Jack, Weston and Beck stopped but pretended not to understand. They showed them their CNN badges and mimed that they’d like to get the men’s picture. Several nearby men posed.
Jack thought they were home free until the guard insisted they go to the main building. Change of plan, but they’d deal by doing inside first then move outside. Going in through the service entrance, they were placed in a waiting area until the guard could contact someone named Fidel.
Damn
. Jack would give the situation three minutes then they’d go rogue.
Lauren wanted to stand in the middle of the floor and scream to the world on live TV that the SOB smiling so benevolently and doting on his chimpanzee was a horrendous, mass-murdering terrorist who’d kidnapped her children.
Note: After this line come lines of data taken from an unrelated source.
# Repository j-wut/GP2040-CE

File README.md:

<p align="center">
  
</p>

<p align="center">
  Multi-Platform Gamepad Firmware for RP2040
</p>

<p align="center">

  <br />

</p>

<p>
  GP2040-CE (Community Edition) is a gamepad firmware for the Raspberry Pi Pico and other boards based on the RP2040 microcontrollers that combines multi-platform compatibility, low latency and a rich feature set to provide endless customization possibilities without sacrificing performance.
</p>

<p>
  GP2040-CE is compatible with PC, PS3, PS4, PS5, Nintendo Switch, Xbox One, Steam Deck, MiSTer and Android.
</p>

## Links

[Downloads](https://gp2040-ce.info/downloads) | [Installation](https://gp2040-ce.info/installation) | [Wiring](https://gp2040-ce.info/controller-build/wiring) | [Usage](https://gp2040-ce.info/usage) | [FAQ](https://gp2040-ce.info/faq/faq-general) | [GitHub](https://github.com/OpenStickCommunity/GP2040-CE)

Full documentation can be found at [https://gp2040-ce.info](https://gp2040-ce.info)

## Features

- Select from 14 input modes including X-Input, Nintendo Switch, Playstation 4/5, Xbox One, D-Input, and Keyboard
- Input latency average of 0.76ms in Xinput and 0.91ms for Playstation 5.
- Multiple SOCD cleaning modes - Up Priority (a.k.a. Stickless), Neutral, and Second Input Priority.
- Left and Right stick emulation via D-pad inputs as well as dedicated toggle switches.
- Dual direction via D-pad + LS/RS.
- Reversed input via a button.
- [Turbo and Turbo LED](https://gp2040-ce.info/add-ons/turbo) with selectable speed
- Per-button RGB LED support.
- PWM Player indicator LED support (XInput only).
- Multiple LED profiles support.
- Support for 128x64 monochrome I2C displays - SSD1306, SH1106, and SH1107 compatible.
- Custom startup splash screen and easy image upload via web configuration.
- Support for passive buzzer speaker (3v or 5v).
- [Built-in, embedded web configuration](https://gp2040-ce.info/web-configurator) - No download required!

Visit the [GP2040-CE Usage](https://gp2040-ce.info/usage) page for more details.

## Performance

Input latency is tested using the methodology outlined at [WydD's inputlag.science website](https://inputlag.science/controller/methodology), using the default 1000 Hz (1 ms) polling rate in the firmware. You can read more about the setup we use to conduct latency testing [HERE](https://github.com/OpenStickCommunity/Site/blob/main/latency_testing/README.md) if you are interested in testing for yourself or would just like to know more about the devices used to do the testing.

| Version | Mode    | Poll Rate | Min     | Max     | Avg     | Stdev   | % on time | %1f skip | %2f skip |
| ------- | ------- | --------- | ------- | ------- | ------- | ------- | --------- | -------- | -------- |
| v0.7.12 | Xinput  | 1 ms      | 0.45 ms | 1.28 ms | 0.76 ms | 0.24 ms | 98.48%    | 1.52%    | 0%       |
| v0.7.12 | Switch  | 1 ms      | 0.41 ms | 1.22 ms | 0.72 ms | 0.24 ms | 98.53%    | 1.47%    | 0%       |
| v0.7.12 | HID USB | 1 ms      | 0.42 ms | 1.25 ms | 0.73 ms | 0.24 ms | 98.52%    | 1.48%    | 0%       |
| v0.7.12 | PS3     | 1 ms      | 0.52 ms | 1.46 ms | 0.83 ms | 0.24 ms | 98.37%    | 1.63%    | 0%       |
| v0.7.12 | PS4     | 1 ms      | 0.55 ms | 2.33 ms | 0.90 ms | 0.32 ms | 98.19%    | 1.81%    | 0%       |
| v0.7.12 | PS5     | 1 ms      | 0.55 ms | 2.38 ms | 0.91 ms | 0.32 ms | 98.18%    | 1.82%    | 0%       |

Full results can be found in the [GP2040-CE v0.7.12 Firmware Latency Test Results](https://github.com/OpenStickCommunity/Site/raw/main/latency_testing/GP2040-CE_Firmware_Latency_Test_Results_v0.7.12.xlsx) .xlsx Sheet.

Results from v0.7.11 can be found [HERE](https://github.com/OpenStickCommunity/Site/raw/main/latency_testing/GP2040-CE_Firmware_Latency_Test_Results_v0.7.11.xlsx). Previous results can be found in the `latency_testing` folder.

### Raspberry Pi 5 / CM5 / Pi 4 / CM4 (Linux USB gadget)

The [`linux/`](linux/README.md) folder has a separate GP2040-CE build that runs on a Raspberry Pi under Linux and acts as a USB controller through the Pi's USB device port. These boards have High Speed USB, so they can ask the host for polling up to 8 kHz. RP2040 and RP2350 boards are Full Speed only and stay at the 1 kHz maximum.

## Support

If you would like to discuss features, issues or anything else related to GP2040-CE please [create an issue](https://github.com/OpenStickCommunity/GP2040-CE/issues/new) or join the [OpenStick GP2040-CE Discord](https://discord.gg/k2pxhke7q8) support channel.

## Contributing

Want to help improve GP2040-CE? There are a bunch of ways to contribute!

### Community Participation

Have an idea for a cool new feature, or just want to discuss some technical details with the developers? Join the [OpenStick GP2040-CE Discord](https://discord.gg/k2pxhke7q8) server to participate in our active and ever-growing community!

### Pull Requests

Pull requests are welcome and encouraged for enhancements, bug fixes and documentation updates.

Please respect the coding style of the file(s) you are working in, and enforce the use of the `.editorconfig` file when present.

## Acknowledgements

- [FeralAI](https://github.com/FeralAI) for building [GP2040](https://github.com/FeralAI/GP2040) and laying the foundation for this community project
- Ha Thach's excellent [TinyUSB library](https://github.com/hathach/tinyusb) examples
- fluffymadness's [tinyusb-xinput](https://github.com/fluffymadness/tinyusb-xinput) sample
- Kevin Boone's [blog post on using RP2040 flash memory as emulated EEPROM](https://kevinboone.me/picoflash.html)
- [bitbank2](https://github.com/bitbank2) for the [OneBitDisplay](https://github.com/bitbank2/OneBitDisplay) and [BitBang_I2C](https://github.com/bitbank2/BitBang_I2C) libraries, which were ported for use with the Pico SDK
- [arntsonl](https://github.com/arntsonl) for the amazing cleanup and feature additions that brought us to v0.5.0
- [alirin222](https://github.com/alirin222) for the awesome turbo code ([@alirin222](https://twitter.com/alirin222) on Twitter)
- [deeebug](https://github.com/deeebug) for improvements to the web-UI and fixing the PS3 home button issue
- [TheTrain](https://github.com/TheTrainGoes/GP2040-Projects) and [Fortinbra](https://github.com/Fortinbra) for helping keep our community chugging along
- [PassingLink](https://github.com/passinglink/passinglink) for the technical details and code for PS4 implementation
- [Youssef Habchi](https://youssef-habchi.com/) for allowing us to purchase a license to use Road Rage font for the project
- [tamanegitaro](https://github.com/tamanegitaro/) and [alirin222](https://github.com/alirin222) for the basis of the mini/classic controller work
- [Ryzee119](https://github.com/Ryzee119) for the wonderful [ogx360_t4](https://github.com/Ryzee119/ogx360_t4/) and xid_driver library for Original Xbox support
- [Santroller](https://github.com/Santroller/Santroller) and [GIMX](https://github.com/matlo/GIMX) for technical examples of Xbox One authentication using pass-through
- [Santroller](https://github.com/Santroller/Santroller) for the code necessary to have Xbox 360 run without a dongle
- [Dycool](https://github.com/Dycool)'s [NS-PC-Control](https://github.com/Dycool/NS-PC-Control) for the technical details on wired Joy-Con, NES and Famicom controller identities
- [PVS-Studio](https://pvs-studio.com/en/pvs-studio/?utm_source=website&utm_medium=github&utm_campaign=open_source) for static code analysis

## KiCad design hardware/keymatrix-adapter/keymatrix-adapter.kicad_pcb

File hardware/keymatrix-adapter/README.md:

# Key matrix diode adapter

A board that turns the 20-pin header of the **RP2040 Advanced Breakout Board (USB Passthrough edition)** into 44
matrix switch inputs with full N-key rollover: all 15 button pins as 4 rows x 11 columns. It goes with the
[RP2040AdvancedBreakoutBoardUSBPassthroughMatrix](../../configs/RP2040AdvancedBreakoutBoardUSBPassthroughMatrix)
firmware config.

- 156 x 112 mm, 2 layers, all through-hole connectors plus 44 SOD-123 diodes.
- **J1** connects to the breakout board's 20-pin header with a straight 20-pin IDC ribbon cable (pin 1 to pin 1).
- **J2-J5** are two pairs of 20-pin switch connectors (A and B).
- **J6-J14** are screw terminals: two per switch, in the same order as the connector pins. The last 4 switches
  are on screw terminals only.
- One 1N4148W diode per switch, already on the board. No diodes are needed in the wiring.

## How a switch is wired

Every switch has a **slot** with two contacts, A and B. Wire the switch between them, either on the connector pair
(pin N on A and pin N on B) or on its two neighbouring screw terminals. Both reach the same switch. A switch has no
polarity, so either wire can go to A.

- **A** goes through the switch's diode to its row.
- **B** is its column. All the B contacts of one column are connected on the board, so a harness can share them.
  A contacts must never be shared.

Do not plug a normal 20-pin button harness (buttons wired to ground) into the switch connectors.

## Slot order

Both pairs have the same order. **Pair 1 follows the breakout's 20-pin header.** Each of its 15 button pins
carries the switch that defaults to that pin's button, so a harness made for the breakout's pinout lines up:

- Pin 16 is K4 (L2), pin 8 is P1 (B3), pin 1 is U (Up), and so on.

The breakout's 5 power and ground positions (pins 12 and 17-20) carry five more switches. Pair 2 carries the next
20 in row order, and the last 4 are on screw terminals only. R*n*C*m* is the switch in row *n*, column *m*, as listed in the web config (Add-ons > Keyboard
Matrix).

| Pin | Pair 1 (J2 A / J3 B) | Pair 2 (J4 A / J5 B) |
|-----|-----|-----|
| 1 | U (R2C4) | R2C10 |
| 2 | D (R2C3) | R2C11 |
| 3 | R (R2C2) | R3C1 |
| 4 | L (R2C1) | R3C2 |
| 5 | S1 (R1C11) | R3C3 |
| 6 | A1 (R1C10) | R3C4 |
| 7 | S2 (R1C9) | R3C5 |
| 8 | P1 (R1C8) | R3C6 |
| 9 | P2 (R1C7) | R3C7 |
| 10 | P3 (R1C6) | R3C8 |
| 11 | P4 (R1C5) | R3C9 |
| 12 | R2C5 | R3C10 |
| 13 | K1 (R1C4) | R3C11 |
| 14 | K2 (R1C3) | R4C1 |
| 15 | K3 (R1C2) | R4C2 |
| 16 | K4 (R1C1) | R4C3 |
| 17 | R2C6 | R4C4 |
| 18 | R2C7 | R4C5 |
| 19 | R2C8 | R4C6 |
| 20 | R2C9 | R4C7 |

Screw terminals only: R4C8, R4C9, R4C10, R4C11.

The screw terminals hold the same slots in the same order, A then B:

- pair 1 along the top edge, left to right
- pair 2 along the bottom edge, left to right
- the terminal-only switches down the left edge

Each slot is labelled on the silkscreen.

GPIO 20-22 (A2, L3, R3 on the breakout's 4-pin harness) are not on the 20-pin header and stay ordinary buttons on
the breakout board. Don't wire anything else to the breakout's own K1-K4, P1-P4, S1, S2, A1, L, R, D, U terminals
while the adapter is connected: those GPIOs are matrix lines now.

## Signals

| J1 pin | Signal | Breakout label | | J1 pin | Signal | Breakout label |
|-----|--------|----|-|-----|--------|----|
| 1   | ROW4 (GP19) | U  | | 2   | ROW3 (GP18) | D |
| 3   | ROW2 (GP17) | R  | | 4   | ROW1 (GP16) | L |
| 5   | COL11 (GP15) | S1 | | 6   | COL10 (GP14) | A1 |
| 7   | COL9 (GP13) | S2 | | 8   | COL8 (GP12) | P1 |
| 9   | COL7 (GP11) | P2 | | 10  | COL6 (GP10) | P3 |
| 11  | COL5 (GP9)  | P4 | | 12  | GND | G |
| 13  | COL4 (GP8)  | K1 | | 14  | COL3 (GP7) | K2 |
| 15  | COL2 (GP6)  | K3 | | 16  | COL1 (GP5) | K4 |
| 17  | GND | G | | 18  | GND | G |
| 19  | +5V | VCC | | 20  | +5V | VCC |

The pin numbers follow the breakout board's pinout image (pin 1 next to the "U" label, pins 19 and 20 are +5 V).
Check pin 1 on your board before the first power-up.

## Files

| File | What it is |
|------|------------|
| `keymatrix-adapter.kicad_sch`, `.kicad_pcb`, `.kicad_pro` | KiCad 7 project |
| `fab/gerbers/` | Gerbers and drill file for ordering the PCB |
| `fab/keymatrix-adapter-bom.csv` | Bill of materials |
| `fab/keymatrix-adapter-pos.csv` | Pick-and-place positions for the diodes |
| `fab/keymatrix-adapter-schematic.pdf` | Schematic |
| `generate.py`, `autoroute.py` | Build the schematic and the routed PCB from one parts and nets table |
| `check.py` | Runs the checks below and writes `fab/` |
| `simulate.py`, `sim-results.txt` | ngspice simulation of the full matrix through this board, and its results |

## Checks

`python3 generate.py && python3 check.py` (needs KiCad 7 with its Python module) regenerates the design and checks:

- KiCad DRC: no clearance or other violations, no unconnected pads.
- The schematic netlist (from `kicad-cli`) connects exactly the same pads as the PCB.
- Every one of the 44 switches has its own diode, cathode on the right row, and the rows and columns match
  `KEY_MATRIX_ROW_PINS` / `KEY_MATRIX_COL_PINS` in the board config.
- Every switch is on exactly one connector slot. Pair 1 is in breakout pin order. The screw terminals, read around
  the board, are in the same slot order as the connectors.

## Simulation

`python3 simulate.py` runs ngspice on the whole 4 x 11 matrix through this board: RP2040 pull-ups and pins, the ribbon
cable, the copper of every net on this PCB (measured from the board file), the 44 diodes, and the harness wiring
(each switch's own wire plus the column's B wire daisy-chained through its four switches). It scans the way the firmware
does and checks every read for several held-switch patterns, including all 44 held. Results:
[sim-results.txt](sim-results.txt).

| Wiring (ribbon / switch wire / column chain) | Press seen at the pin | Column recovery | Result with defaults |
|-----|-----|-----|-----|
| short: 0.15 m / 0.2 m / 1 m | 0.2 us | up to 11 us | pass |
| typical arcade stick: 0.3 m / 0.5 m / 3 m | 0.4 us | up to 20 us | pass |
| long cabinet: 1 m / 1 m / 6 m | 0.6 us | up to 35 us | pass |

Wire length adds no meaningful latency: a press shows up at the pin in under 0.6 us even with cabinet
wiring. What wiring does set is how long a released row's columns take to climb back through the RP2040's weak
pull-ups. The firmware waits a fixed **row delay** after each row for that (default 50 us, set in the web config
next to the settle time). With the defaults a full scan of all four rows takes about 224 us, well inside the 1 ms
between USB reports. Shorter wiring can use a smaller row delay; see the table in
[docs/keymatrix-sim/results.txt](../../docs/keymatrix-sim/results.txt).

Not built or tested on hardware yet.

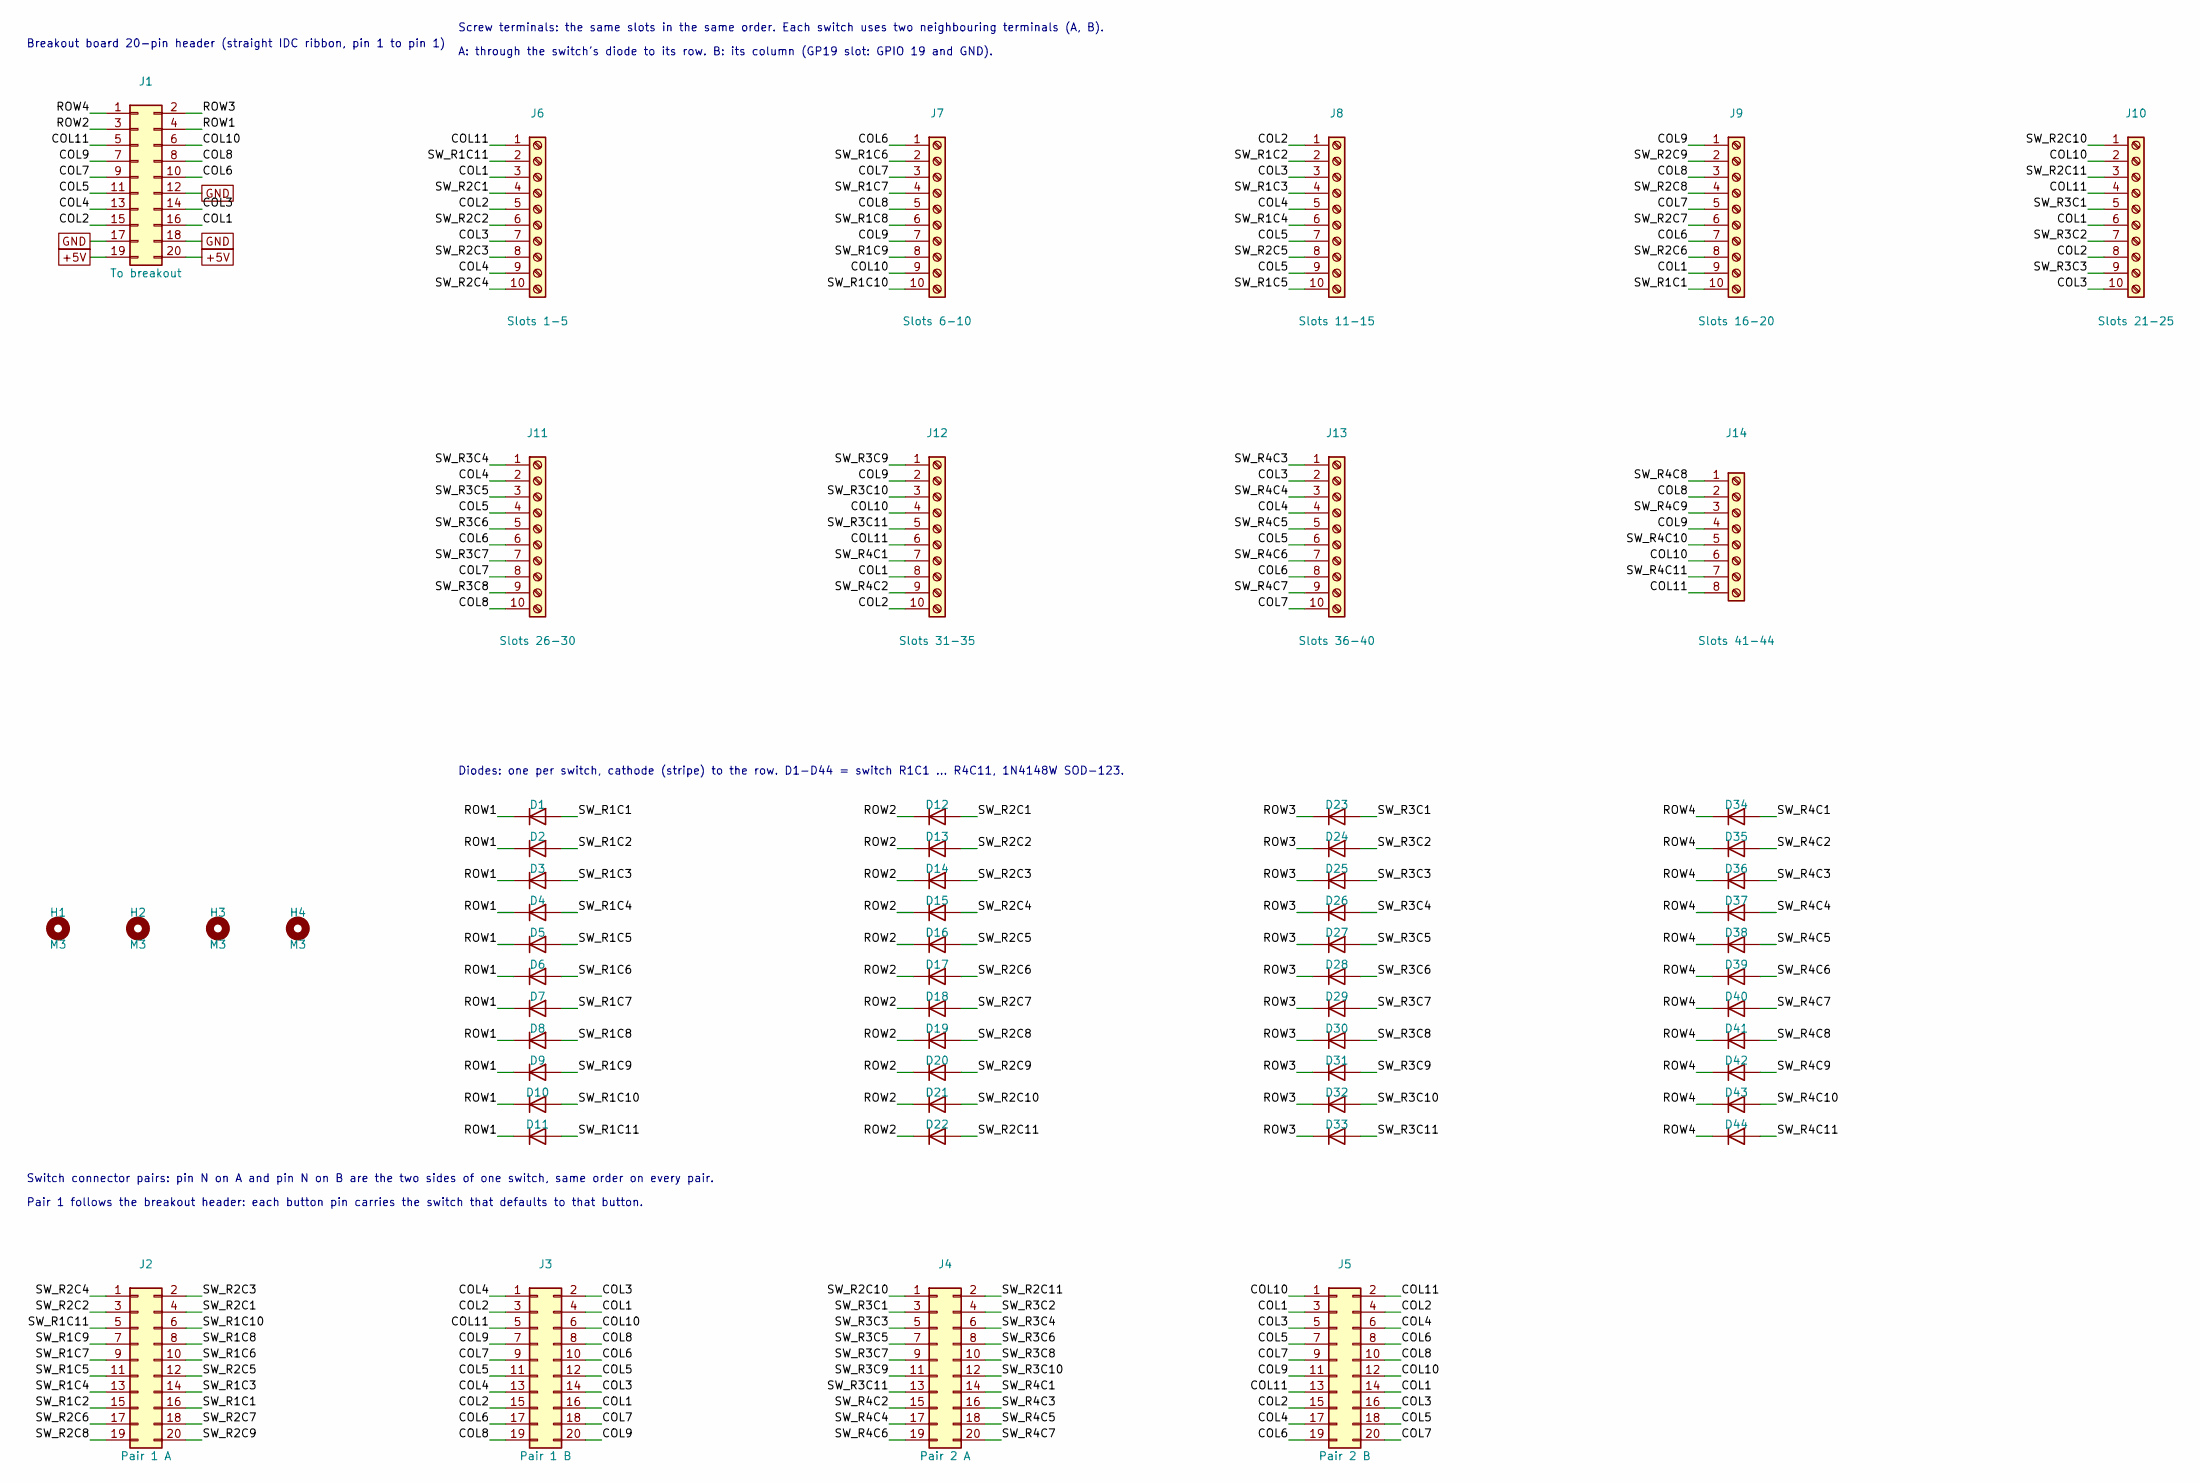
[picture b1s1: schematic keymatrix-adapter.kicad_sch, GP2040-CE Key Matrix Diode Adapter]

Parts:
D1, D2, D3, D4, D5, D6, D7, D8, D9, D10, D11, D12, D13, D14, D15, D16, D17, D18, D19, D20, D21, D22, D23, D24, D25, D26, D27, D28, D29, D30, D31, D32, D33, D34, D35, D36, D37, D38, D39, D40, D41, D42, D43, D44: 1N4148W; D_SOD-123
H1, H2, H3, H4: M3; MountingHole_3.2mm_M3
J1: To breakout; IDC-Header_2x10_P2.54mm_Vertical
J2: Pair 1 A; IDC-Header_2x10_P2.54mm_Vertical
J3: Pair 1 B; IDC-Header_2x10_P2.54mm_Vertical
J4: Pair 2 A; IDC-Header_2x10_P2.54mm_Vertical
J5: Pair 2 B; IDC-Header_2x10_P2.54mm_Vertical
J6: Slots 1-5; TerminalBlock_Phoenix_PT-1,5-10-3.5-H_1x10_P3.50mm_Horizont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
J7: Slots 6-10; TerminalBlock_Phoenix_PT-1,5-10-3.5-H_1x10_P3.50mm_Horizont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
J8: Slots 11-15; TerminalBlock_Phoenix_PT-1,5-10-3.5-H_1x10_P3.50mm_Horizont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
J9: Slots 16-20; TerminalBlock_Phoenix_PT-1,5-10-3.5-H_1x10_P3.50mm_Horizont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
J10: Slots 21-25; TerminalBlock_Phoenix_PT-1,5-10-3.5-H_1x10_P3.50mm_Horizont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
J11: Slots 26-30; TerminalBlock_Phoenix_PT-1,5-10-3.5-H_1x10_P3.50mm_Horizont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
J12: Slots 31-35; TerminalBlock_Phoenix_PT-1,5-10-3.5-H_1x10_P3.50mm_Horizont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
J13: Slots 36-40; TerminalBlock_Phoenix_PT-1,5-10-3.5-H_1x10_P3.50mm_Horizont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
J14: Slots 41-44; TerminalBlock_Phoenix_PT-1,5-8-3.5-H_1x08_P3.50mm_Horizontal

Instead she bit her lip, clenched her jaw, and walked along with the
Latimoor Live
crew. She had to hand it to Candace, the woman was a master of maneuvering. Menendez/Miles had wanted to take everyone to the GXP plant that adjoined his private compound, but Candace had talked him into showing them his private quarters first, emphasizing just how much more human and real and empathetic the viewers would be if they got to know the real Andreas Miles before they learned about his ingenious biofuel invention, GXP.
Menendez had fluffed like a peacock and began leading them around, explaining all of the green technology built into his facilities. He rarely had to use a generator between solar, wind and hydraulic power.
He led them to his energy control panel room and the engineer in charge. The man began explaining how power for the entire compound was regulated. While they were being lectured to, Lauren saw a man approach Menendez. Menendez immediately left the room, looking alarmed.
Lauren hesitated only a split second before following. One of Latimoor’s crewmen with a small video camera followed her.
“Want to tell me what’s up?” the guy whispered. A partially opened door indicated the way Menendez and his man had gone.
“Just follow and film,” she said. “And whatever you do don’t let them hear us.”